[[ Source data, beginning ]]

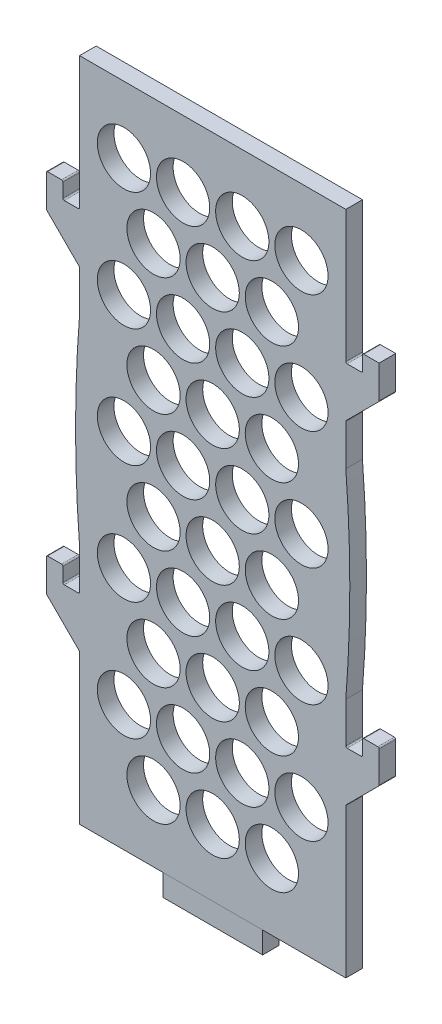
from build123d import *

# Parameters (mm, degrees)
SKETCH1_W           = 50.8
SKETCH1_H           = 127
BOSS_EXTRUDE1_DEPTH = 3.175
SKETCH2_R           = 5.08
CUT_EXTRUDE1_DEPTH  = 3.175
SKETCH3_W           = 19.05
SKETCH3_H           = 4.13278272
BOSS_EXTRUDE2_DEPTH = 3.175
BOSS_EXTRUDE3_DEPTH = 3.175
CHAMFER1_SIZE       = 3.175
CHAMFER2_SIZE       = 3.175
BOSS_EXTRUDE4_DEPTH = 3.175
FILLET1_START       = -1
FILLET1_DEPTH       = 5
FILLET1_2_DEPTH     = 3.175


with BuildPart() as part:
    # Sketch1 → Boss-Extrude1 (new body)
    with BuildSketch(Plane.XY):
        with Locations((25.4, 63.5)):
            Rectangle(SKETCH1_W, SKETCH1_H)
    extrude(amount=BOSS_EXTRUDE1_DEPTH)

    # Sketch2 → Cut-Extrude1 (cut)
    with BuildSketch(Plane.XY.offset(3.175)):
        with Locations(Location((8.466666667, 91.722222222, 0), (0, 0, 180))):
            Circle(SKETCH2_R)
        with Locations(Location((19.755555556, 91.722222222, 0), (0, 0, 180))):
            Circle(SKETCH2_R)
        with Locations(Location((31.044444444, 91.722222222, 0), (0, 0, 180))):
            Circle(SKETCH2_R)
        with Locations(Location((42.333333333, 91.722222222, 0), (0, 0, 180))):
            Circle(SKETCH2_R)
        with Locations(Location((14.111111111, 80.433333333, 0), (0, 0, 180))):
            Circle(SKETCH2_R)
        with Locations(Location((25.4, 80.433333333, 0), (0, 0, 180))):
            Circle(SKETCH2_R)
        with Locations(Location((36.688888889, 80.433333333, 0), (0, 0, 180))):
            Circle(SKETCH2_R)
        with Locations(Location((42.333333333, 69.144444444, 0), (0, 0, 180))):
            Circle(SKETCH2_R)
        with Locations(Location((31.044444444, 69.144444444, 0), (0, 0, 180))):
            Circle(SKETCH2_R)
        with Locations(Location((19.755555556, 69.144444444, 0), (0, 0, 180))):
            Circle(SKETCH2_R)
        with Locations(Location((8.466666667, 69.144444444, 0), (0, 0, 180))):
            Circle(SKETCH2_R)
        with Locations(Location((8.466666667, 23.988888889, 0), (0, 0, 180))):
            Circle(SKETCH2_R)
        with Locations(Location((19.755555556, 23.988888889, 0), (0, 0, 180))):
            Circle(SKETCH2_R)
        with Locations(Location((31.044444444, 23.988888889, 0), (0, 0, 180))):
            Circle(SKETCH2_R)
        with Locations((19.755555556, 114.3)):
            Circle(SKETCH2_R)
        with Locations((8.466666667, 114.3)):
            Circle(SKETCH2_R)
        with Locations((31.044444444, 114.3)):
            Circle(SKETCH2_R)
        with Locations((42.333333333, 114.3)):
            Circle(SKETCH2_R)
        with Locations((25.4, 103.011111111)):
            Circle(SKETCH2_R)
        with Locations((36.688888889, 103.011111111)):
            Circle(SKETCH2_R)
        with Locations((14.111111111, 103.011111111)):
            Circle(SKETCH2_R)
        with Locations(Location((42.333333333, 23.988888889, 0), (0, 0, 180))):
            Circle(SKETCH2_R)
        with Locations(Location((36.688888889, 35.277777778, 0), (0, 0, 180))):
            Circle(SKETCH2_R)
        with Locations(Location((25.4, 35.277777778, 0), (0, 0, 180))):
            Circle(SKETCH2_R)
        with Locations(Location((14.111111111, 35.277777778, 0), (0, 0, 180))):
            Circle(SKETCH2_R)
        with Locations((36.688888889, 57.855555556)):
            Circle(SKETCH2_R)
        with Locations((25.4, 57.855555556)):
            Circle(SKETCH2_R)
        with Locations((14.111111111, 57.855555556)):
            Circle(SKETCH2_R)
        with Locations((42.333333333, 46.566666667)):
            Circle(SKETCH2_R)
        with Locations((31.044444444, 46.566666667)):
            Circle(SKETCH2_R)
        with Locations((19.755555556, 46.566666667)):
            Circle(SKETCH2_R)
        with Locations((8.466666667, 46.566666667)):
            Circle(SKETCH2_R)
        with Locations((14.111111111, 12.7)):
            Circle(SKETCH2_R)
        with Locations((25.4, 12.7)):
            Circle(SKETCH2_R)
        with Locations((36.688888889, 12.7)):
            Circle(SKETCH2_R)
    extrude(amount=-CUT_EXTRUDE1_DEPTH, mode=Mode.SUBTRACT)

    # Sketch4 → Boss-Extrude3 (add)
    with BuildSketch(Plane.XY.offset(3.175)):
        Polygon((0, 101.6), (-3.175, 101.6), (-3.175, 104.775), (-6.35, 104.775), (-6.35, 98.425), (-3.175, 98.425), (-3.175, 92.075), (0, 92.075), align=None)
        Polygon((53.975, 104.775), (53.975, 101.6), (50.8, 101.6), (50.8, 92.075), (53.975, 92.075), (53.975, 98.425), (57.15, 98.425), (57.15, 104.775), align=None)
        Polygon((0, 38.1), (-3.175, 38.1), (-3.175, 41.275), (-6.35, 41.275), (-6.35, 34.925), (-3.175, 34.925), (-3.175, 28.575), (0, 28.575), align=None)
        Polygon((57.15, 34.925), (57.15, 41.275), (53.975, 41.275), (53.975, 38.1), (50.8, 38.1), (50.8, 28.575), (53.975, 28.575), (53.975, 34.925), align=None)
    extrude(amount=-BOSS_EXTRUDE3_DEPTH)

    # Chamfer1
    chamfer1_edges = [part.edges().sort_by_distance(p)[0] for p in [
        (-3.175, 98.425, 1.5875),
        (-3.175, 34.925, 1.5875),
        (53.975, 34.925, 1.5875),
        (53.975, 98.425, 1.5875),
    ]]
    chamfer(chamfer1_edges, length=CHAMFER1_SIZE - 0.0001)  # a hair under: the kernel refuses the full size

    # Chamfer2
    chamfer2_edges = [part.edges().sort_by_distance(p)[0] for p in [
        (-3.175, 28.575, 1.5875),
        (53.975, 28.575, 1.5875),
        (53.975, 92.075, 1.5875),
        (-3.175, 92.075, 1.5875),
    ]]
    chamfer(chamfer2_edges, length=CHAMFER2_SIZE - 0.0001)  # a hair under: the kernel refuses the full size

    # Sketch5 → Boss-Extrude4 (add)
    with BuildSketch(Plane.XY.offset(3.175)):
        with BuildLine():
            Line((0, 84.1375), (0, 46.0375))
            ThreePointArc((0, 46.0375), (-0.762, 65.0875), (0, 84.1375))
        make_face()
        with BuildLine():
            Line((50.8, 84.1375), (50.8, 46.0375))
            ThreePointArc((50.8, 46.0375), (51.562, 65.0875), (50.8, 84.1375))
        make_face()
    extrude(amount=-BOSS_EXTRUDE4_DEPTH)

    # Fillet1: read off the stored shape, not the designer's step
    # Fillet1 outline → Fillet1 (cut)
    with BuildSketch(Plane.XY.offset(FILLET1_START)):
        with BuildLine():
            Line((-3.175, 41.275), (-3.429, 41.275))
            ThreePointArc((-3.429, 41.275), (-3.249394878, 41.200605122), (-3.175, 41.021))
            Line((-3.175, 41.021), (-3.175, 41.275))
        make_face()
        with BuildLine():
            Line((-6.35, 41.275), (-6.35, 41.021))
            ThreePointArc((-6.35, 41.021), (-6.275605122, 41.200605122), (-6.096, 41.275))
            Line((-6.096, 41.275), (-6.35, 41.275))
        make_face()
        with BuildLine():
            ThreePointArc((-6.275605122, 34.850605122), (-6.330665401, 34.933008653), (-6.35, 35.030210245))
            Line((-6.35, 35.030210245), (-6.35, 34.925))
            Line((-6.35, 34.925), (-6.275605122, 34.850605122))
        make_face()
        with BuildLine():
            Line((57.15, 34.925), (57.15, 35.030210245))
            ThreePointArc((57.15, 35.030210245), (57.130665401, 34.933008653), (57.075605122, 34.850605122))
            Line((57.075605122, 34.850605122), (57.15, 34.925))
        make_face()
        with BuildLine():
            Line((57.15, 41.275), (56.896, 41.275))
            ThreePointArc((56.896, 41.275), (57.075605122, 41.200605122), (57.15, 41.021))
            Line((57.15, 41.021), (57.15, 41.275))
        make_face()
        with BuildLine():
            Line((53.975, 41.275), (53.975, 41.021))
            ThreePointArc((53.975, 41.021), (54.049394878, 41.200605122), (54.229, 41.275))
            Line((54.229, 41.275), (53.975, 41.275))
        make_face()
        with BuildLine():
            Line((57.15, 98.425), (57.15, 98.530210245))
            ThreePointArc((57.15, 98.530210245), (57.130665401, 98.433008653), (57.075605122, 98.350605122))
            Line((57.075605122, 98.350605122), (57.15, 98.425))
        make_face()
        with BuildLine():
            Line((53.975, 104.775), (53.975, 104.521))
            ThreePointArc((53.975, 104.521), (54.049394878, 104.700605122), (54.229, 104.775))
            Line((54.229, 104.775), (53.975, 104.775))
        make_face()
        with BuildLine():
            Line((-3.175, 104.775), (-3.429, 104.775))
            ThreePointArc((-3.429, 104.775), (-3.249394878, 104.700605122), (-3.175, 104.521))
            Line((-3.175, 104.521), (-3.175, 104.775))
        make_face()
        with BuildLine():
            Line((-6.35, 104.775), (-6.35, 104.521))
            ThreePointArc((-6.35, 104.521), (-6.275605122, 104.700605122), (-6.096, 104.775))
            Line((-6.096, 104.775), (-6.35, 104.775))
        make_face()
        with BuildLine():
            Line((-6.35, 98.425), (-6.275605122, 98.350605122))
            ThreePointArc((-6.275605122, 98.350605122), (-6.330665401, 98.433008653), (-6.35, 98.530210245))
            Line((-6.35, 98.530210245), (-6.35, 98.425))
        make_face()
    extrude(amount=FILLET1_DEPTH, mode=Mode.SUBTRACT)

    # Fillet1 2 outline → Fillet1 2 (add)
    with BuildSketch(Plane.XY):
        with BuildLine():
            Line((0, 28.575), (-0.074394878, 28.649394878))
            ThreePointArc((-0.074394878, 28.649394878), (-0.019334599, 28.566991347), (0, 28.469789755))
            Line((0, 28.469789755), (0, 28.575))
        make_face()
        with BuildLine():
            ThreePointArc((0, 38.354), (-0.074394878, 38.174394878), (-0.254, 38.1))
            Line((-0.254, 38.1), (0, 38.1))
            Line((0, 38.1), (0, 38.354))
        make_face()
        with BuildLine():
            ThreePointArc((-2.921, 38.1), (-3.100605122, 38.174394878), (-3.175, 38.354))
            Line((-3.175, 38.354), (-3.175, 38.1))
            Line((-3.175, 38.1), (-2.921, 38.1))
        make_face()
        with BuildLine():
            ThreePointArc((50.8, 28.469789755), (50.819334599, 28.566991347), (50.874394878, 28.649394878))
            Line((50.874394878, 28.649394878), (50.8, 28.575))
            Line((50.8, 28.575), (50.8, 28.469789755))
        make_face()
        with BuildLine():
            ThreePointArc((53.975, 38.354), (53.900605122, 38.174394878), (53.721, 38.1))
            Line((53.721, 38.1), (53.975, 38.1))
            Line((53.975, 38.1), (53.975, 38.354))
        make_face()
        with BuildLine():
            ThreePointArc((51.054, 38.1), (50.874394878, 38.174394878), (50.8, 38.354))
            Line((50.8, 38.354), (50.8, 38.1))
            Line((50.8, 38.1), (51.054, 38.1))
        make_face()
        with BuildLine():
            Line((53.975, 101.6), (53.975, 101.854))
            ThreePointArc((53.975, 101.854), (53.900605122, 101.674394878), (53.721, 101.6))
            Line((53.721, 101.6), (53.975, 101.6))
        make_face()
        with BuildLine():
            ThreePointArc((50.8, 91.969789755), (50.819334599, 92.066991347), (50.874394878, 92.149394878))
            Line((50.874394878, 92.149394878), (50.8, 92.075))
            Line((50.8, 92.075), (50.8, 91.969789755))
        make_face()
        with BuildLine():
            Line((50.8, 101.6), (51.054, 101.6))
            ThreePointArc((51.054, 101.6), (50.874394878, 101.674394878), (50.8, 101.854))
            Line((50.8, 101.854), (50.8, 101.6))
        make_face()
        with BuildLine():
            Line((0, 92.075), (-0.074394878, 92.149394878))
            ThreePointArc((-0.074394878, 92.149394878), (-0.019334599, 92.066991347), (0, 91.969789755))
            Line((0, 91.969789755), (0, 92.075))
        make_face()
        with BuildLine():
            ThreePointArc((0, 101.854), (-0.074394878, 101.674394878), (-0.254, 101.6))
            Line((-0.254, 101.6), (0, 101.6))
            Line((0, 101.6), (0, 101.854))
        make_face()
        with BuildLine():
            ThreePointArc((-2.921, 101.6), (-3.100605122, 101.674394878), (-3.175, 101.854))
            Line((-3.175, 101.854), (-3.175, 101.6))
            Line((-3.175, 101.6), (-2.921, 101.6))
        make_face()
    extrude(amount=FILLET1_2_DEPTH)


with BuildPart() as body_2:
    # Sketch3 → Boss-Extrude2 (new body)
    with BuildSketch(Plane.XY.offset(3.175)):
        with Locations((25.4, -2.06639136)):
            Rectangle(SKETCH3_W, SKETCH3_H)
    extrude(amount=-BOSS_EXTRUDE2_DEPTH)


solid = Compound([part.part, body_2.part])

[[ Source data, end ]]

→ **Instructions for the task**:
Show the lines above with "mode".

→ **Response**:
    extrude(amount=-CUT_EXTRUDE1_DEPTH, mode=Mode.SUBTRACT)
    extrude(amount=FILLET1_DEPTH, mode=Mode.SUBTRACT)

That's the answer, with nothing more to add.